Below are records; count the lines that contain "construction" and give only the total.

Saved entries
Start of Block
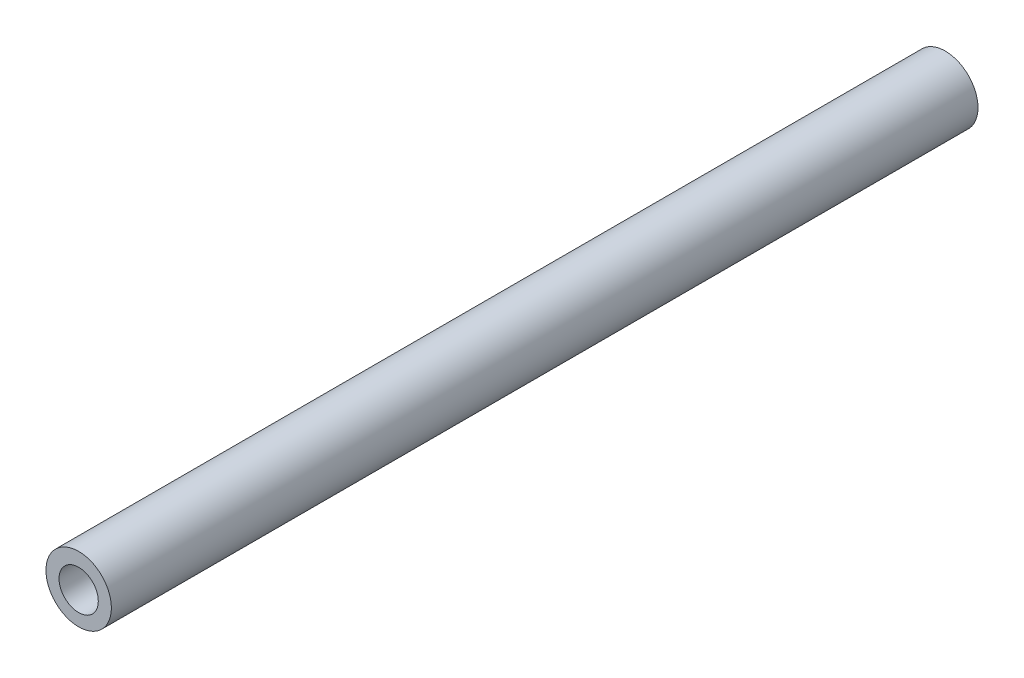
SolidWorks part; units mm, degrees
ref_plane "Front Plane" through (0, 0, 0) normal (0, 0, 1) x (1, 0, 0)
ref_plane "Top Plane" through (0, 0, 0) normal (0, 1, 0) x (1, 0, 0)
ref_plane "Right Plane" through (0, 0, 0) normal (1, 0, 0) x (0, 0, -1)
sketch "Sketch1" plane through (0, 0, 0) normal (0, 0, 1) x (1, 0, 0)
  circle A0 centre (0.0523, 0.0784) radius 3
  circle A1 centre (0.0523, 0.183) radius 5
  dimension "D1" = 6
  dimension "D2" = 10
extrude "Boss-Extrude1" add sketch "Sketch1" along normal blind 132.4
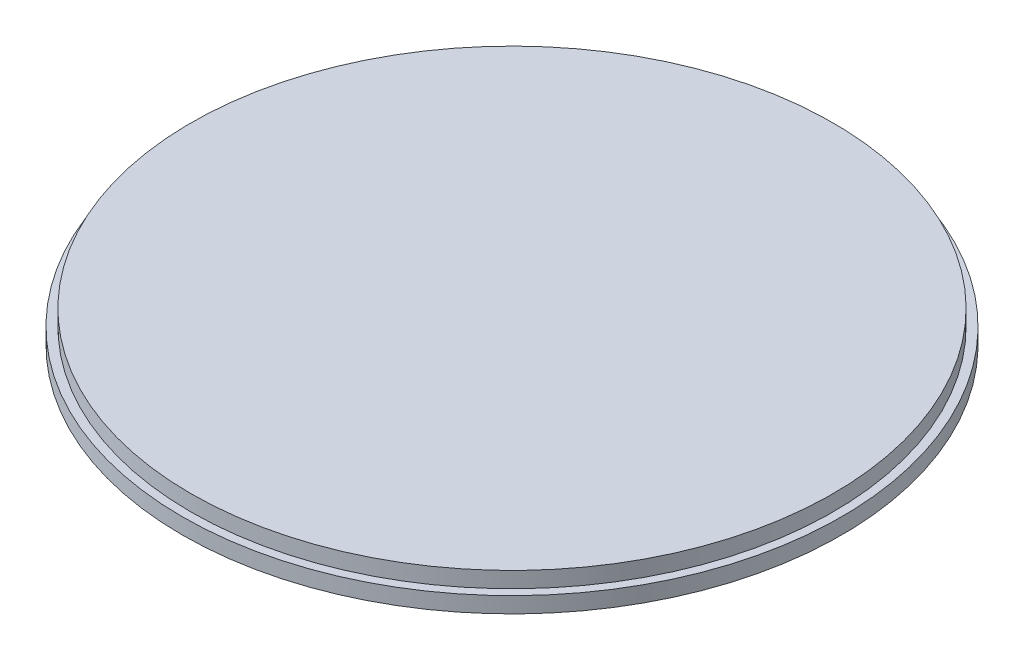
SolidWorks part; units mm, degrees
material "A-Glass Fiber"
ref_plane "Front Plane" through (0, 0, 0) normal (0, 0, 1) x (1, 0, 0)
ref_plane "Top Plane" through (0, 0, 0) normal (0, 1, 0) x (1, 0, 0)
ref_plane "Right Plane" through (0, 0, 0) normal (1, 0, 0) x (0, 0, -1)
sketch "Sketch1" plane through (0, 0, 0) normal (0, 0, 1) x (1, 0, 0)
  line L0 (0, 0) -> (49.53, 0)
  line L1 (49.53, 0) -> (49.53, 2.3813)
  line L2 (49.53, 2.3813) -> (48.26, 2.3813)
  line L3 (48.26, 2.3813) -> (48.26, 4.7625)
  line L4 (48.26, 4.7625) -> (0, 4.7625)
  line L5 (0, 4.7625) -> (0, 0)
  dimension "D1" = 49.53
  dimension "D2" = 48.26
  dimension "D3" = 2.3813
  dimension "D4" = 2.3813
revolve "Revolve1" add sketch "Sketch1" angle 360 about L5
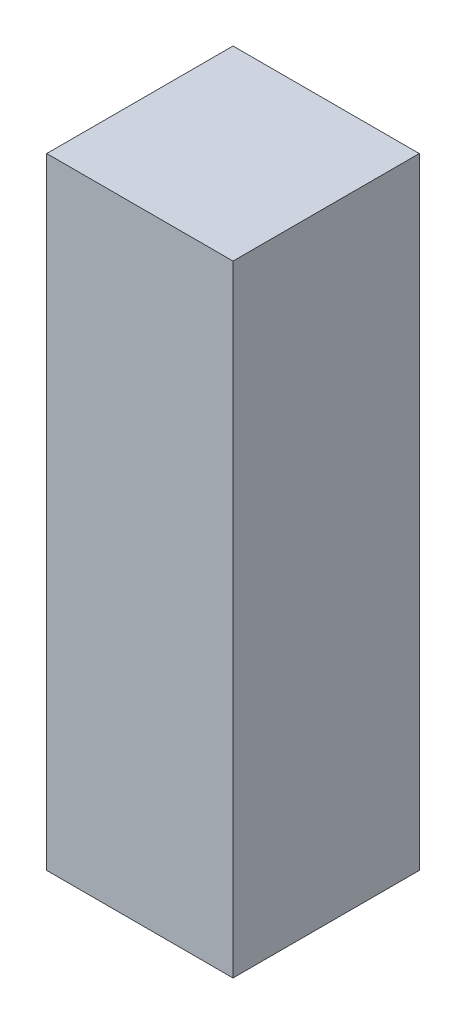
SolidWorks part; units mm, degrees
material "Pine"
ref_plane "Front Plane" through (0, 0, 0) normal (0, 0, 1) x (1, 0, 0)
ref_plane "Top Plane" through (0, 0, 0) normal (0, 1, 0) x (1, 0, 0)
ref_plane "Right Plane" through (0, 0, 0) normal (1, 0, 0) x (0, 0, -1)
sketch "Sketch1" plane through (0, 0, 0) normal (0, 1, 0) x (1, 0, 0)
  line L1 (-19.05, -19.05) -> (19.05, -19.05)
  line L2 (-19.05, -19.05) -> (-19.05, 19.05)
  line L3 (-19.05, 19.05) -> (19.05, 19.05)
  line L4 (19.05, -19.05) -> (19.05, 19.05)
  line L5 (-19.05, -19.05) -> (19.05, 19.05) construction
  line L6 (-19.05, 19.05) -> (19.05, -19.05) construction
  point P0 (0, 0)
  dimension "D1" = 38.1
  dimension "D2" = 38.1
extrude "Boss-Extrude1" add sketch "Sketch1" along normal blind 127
End of Block
*WRITTEN SOLUTION:*
2